Over the weekend, I found myself imagining Joe with his family talking about the road ahead. And much of what I saw in my mind’s eye was a very specific chagrin, perhaps even rage, directed at all the insiders who told him he had to make way for Hillary in 2016, it being her turn, as they would have it, and now all piling on, telling him he simply has to go, being all too evidently enfeebled and incapable.
If I’m Joe, a big part of me is thinking, “I’ve already taken a bullet for you people and foregone my best chance, and now, after I loyally campaigned in 2016 (even making up a story to support my being passed over), and after you went out and lost a very winnable election that I almost certainly would have won (can anyone say Pennsylvania, Wisconsin and Michigan??), you want to crucify me. 'Come on, Joe,' you say, 'do the right thing'. Well, the hell with you, I say, and that means you, too, Barack and Bill. I’d rather die behind the wheel, and you’ll be in the car with me."
I'm not saying that that is where Biden is, but it also seems to me that a person can be put upon too much, and that it would be no strange thing if Joe were to be feeling something like fury, especially given the abject failure and arrogance of 2016 and the present willingness to mock him and view his dignity as expendable.
He was forced to wait too long, and now he's being blamed for lacking the qualities that the passage of time took from him. That's rather thick, I think.

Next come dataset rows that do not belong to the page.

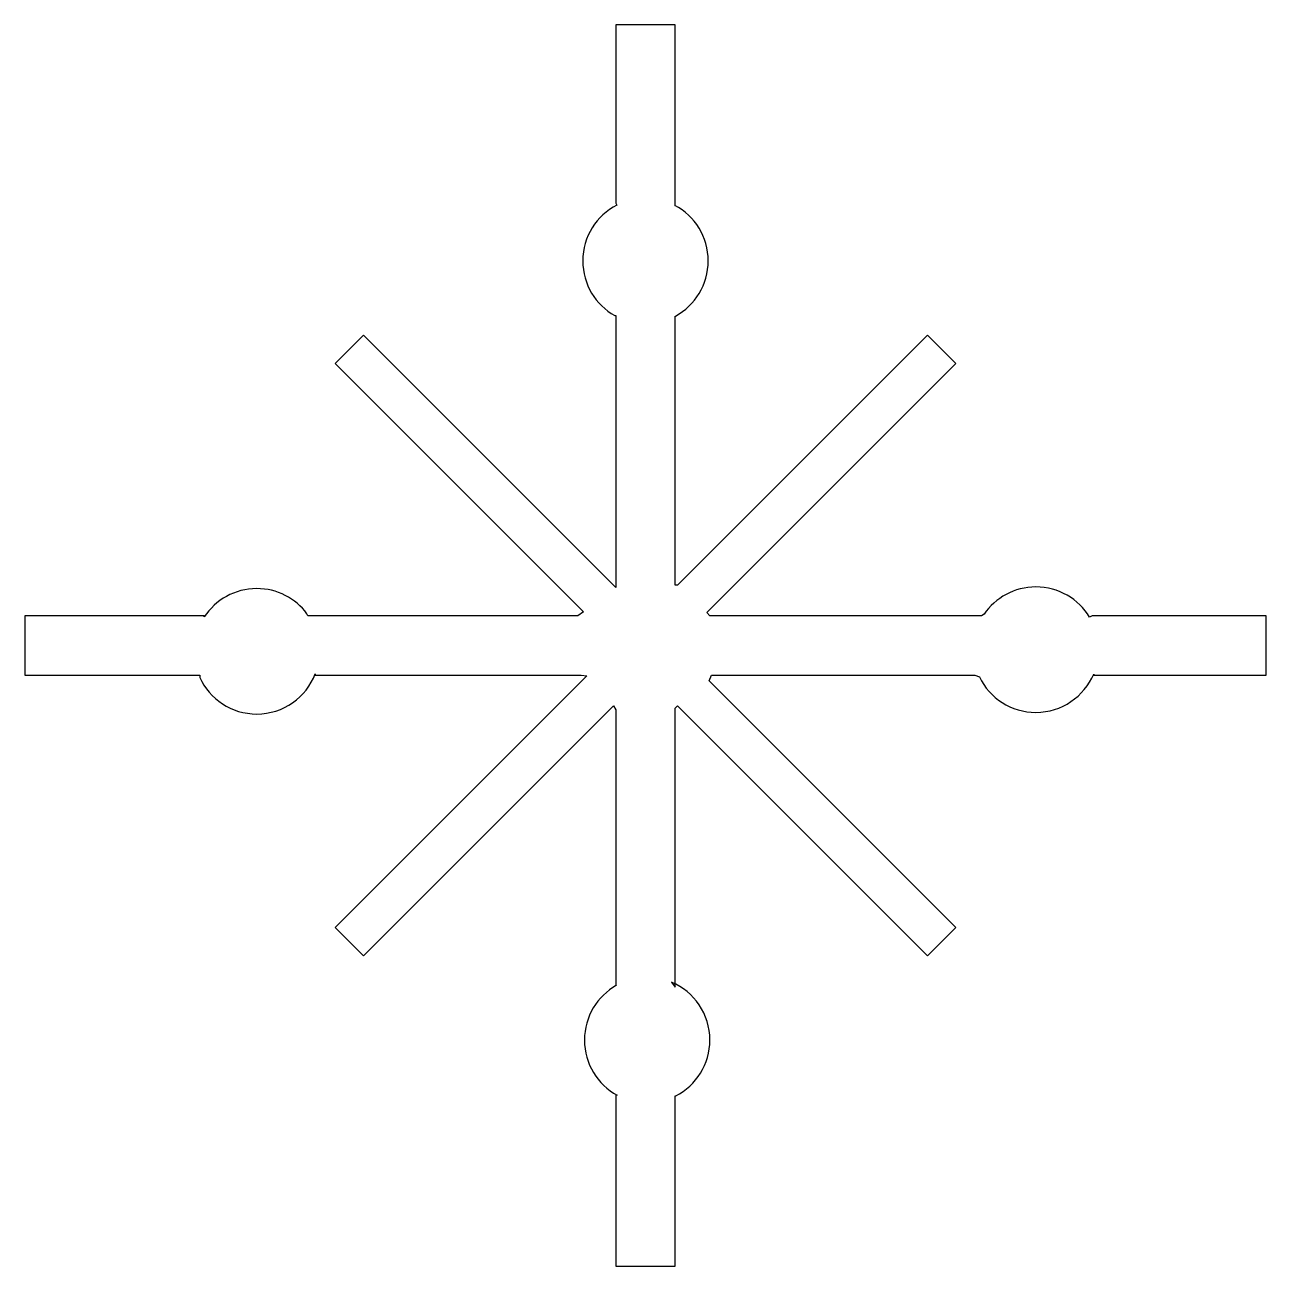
# Model space of a CAD drawing. Header units: centimetres. Extents: x -8.5 to 8.5, y -8.5 to 8.5.
import ezdxf

# ---------------------------------------------------------------- set-up
doc = ezdxf.new("R2010")
doc.units = ezdxf.units.CM
doc.header["$MEASUREMENT"] = 0
doc.layers.add('Camada 1', color=7, linetype='Continuous')

msp = doc.modelspace()

# ---------------------------------------------------------------- linework, layer by layer
at = {"layer": 'Camada 1'}
msp.add_open_spline([(0.40611, -6.15543), (0.40611, -6.15543), (0.40611, -8.4839), (0.40611, -8.4839), (0.40611, -8.4839), (0.40611, -8.4839), (-0.40611, -8.48389), (-0.40611, -8.48389), (-0.40611, -8.48389), (-0.40611, -8.48389), (-0.40611, -6.1463), (-0.40611, -6.1463), (-0.40611, -6.1463), (-0.40611, -6.1463), (-0.38727, -6.1463), (-0.38727, -6.1463), (-0.38727, -6.1463), (-0.65394, -6.00088), (-0.83487, -5.71797), (-0.83487, -5.39285), (-0.83487, -5.39285), (-0.83487, -5.0717), (-0.65823, -4.79169), (-0.39685, -4.64482), (-0.39685, -4.64482), (-0.39685, -4.64482), (-0.40611, -4.64481), (-0.40611, -4.64481), (-0.40611, -4.64481), (-0.40611, -4.64481), (-0.40611, -0.88003), (-0.40611, -0.88003), (-0.40611, -0.88003), (-0.40611, -0.88003), (-0.43778, -0.82531), (-0.43778, -0.82531), (-0.43778, -0.82531), (-0.43778, -0.82531), (-3.85358, -4.24103), (-3.85358, -4.24103), (-3.85358, -4.24103), (-3.85358, -4.24103), (-4.24109, -3.85352), (-4.24109, -3.85352), (-4.24109, -3.85352), (-4.24109, -3.85352), (-0.80275, -0.41518), (-0.80275, -0.41518), (-0.80275, -0.41518), (-0.80275, -0.41518), (-0.88001, -0.40618), (-0.88001, -0.40618), (-0.88001, -0.40618), (-0.88001, -0.40618), (-4.51337, -0.40619), (-4.51337, -0.40619), (-4.51337, -0.40619), (-4.51337, -0.40619), (-4.51337, -0.38754), (-4.51337, -0.38754), (-4.51337, -0.38754), (-4.63725, -0.70882), (-4.94887, -0.9366), (-5.31371, -0.9366), (-5.31371, -0.9366), (-5.6601, -0.9366), (-5.9585, -0.73115), (-6.09381, -0.43553), (-6.09381, -0.43553), (-6.09381, -0.43553), (-6.09386, -0.40619), (-6.09386, -0.40619), (-6.09386, -0.40619), (-6.09386, -0.40619), (-8.48392, -0.40619), (-8.48392, -0.40619), (-8.48392, -0.40619), (-8.48392, -0.40619), (-8.48392, 0.40611), (-8.48392, 0.40611), (-8.48392, 0.40611), (-8.48392, 0.40611), (-6.03192, 0.40611), (-6.03192, 0.40611), (-6.03192, 0.40611), (-6.03192, 0.40611), (-6.03192, 0.38957), (-6.03192, 0.38957), (-6.03192, 0.38957), (-5.87881, 0.62373), (-5.61433, 0.7784), (-5.31368, 0.7784), (-5.31368, 0.7784), (-5.03293, 0.7784), (-4.78372, 0.64354), (-4.62732, 0.43505), (-4.62732, 0.43505), (-4.62732, 0.43505), (-4.6143, 0.4061), (-4.6143, 0.4061), (-4.6143, 0.4061), (-4.6143, 0.4061), (-0.92517, 0.40611), (-0.92517, 0.40611), (-0.92517, 0.40611), (-0.92517, 0.40611), (-0.84889, 0.46125), (-0.84889, 0.46125), (-0.84889, 0.46125), (-0.84889, 0.46125), (-4.24109, 3.85355), (-4.24109, 3.85355), (-4.24109, 3.85355), (-4.24109, 3.85355), (-3.85358, 4.24106), (-3.85358, 4.24106), (-3.85358, 4.24106), (-3.85358, 4.24106), (-0.40471, 0.79227), (-0.40471, 0.79227), (-0.40471, 0.79227), (-0.40471, 0.79227), (-0.40609, 0.90252), (-0.40609, 0.90252), (-0.40609, 0.90252), (-0.40609, 0.90252), (-0.40608, 4.50892), (-0.40608, 4.50892), (-0.40608, 4.50892), (-0.40608, 4.50892), (-0.41897, 4.50892), (-0.41897, 4.50892), (-0.41897, 4.50892), (-0.68067, 4.65566), (-0.85752, 4.93583), (-0.85752, 5.25721), (-0.85752, 5.25721), (-0.85752, 5.58932), (-0.66879, 5.87726), (-0.39275, 6.01979), (-0.39275, 6.01979), (-0.39275, 6.01979), (-0.40609, 6.04702), (-0.40609, 6.04702), (-0.40609, 6.04702), (-0.40609, 6.04702), (-0.40608, 8.48389), (-0.40608, 8.48389), (-0.40608, 8.48389), (-0.40608, 8.48389), (0.40614, 8.48389), (0.40614, 8.48389), (0.40614, 8.48389), (0.40614, 8.48389), (0.40614, 6.0149), (0.40614, 6.0149), (0.40614, 6.0149), (0.40614, 6.0149), (0.4019, 6.01491), (0.4019, 6.01491), (0.4019, 6.01491), (0.67291, 5.87095), (0.85751, 5.58562), (0.85751, 5.25722), (0.85751, 5.25722), (0.85751, 4.9321), (0.67664, 4.64918), (0.40983, 4.50374), (0.40983, 4.50374), (0.40983, 4.50374), (0.40614, 4.50374), (0.40614, 4.50374), (0.40614, 4.50374), (0.40614, 4.50374), (0.40614, 0.82545), (0.40614, 0.82545), (0.40614, 0.82545), (0.40614, 0.82545), (0.43786, 0.82545), (0.43786, 0.82545), (0.43786, 0.82545), (0.43786, 0.82545), (3.8536, 4.24106), (3.8536, 4.24106), (3.8536, 4.24106), (3.8536, 4.24106), (4.24098, 3.85355), (4.24098, 3.85355), (4.24098, 3.85355), (4.24098, 3.85355), (0.83672, 0.44932), (0.83672, 0.44932), (0.83672, 0.44932), (0.83672, 0.44932), (0.87995, 0.40609), (0.87995, 0.40609), (0.87995, 0.40609), (0.87995, 0.40609), (4.59184, 0.40608), (4.59184, 0.40608), (4.59184, 0.40608), (4.59184, 0.40608), (4.62756, 0.42619), (4.62756, 0.42619), (4.62756, 0.42619), (4.78197, 0.65254), (5.0419, 0.801), (5.33646, 0.801), (5.33646, 0.801), (5.64769, 0.801), (5.92016, 0.63508), (6.07047, 0.38706), (6.07047, 0.38706), (6.07047, 0.38706), (6.10352, 0.40608), (6.10352, 0.40608), (6.10352, 0.40608), (6.10352, 0.40608), (8.48394, 0.40608), (8.48394, 0.40608), (8.48394, 0.40608), (8.48394, 0.40608), (8.48394, -0.40622), (8.48394, -0.40622), (8.48394, -0.40622), (8.48394, -0.40622), (6.126, -0.40621), (6.126, -0.40621), (6.126, -0.40621), (6.126, -0.40621), (6.12656, -0.39023), (6.12656, -0.39023), (6.12656, -0.39023), (5.99646, -0.69802), (5.69161, -0.91403), (5.33649, -0.91403), (5.33649, -0.91403), (4.99698, -0.91403), (4.70361, -0.71678), (4.56465, -0.43056), (4.56465, -0.43056), (4.56465, -0.43056), (4.50144, -0.40624), (4.50144, -0.40624), (4.50144, -0.40624), (4.50144, -0.40624), (0.90241, -0.40624), (0.90241, -0.40624), (0.90241, -0.40624), (0.90241, -0.40624), (0.87042, -0.48305), (0.87042, -0.48305), (0.87042, -0.48305), (0.87042, -0.48305), (4.24095, -3.85344), (4.24095, -3.85344), (4.24095, -3.85344), (4.24095, -3.85344), (3.85344, -4.24105), (3.85344, -4.24105), (3.85344, -4.24105), (3.85344, -4.24105), (0.43786, -0.82531), (0.43786, -0.82531), (0.43786, -0.82531), (0.43786, -0.82531), (0.40614, -0.85743), (0.40614, -0.85743), (0.40614, -0.85743), (0.40614, -0.85743), (0.40614, -4.67074), (0.40614, -4.67074), (0.40614, -4.67074), (0.40614, -4.67074), (0.35642, -4.60266), (0.35642, -4.60266), (0.35642, -4.60266), (0.66421, -4.73289), (0.88024, -5.03761), (0.88024, -5.39286), (0.88024, -5.39286), (0.88024, -5.72497), (0.69143, -6.01291), (0.41539, -6.15542), (0.41539, -6.15542), (0.41539, -6.15542), (0.40611, -6.15543), (0.40611, -6.15543)], degree=3, knots=[0, 0, 0, 0, 0.01369863, 0.01369863, 0.01369863, 0.01369863, 0.02739726, 0.02739726, 0.02739726, 0.02739726, 0.04109589, 0.04109589, 0.04109589, 0.04109589, 0.05479452, 0.05479452, 0.05479452, 0.05479452, 0.06849315, 0.06849315, 0.06849315, 0.06849315, 0.08219178, 0.08219178, 0.08219178, 0.08219178, 0.09589041, 0.09589041, 0.09589041, 0.09589041, 0.10958904, 0.10958904, 0.10958904, 0.10958904, 0.12328767, 0.12328767, 0.12328767, 0.12328767, 0.1369863, 0.1369863, 0.1369863, 0.1369863, 0.15068493, 0.15068493, 0.15068493, 0.15068493, 0.16438356, 0.16438356, 0.16438356, 0.16438356, 0.17808219, 0.17808219, 0.17808219, 0.17808219, 0.19178082, 0.19178082, 0.19178082, 0.19178082, 0.20547945, 0.20547945, 0.20547945, 0.20547945, 0.21917808, 0.21917808, 0.21917808, 0.21917808, 0.23287671, 0.23287671, 0.23287671, 0.23287671, 0.24657534, 0.24657534, 0.24657534, 0.24657534, 0.26027397, 0.26027397, 0.26027397, 0.26027397, 0.2739726, 0.2739726, 0.2739726, 0.2739726, 0.28767123, 0.28767123, 0.28767123, 0.28767123, 0.30136986, 0.30136986, 0.30136986, 0.30136986, 0.31506849, 0.31506849, 0.31506849, 0.31506849, 0.32876712, 0.32876712, 0.32876712, 0.32876712, 0.34246575, 0.34246575, 0.34246575, 0.34246575, 0.35616438, 0.35616438, 0.35616438, 0.35616438, 0.36986301, 0.36986301, 0.36986301, 0.36986301, 0.38356164, 0.38356164, 0.38356164, 0.38356164, 0.39726027, 0.39726027, 0.39726027, 0.39726027, 0.4109589, 0.4109589, 0.4109589, 0.4109589, 0.42465753, 0.42465753, 0.42465753, 0.42465753, 0.43835616, 0.43835616, 0.43835616, 0.43835616, 0.45205479, 0.45205479, 0.45205479, 0.45205479, 0.46575342, 0.46575342, 0.46575342, 0.46575342, 0.47945205, 0.47945205, 0.47945205, 0.47945205, 0.49315068, 0.49315068, 0.49315068, 0.49315068, 0.50684932, 0.50684932, 0.50684932, 0.50684932, 0.52054795, 0.52054795, 0.52054795, 0.52054795, 0.53424658, 0.53424658, 0.53424658, 0.53424658, 0.54794521, 0.54794521, 0.54794521, 0.54794521, 0.56164384, 0.56164384, 0.56164384, 0.56164384, 0.57534247, 0.57534247, 0.57534247, 0.57534247, 0.5890411, 0.5890411, 0.5890411, 0.5890411, 0.60273973, 0.60273973, 0.60273973, 0.60273973, 0.61643836, 0.61643836, 0.61643836, 0.61643836, 0.63013699, 0.63013699, 0.63013699, 0.63013699, 0.64383562, 0.64383562, 0.64383562, 0.64383562, 0.65753425, 0.65753425, 0.65753425, 0.65753425, 0.67123288, 0.67123288, 0.67123288, 0.67123288, 0.68493151, 0.68493151, 0.68493151, 0.68493151, 0.69863014, 0.69863014, 0.69863014, 0.69863014, 0.71232877, 0.71232877, 0.71232877, 0.71232877, 0.7260274, 0.7260274, 0.7260274, 0.7260274, 0.73972603, 0.73972603, 0.73972603, 0.73972603, 0.75342466, 0.75342466, 0.75342466, 0.75342466, 0.76712329, 0.76712329, 0.76712329, 0.76712329, 0.78082192, 0.78082192, 0.78082192, 0.78082192, 0.79452055, 0.79452055, 0.79452055, 0.79452055, 0.80821918, 0.80821918, 0.80821918, 0.80821918, 0.82191781, 0.82191781, 0.82191781, 0.82191781, 0.83561644, 0.83561644, 0.83561644, 0.83561644, 0.84931507, 0.84931507, 0.84931507, 0.84931507, 0.8630137, 0.8630137, 0.8630137, 0.8630137, 0.87671233, 0.87671233, 0.87671233, 0.87671233, 0.89041096, 0.89041096, 0.89041096, 0.89041096, 0.90410959, 0.90410959, 0.90410959, 0.90410959, 0.91780822, 0.91780822, 0.91780822, 0.91780822, 0.93150685, 0.93150685, 0.93150685, 0.93150685, 0.94520548, 0.94520548, 0.94520548, 0.94520548, 0.95890411, 0.95890411, 0.95890411, 0.95890411, 0.97260274, 0.97260274, 0.97260274, 0.97260274, 1, 1, 1, 1], dxfattribs=at)

doc.saveas('drawing.dxf')

What I fear will happen is when the post-debate polls are published, little will have changed. Biden will be a little further behind, but it will not be looking like a Reagan vs Mondale slaughter. But the challenge for the Biden team to win -- and at this point that really is the point -- is to get some fence sitters or persuadable voters to vote Biden, there are precious few of those at this point. No one can look at Thursday night and say he has improved his hand with them. Nor any way to change the reality that he is old and addled. It is like Steve Kornacke calling a race that is very, very close with the assessment that there are just not enough votes left to count for the laggard to win.
Most likely team Biden will soldier on, lose by an inch or two, and people will be saying that for but a few thousand (or hundred thousands) of votes by the least engaged in our Republic, America went down a rabbit hole from which it could not recover. Until no one talks much about America at all.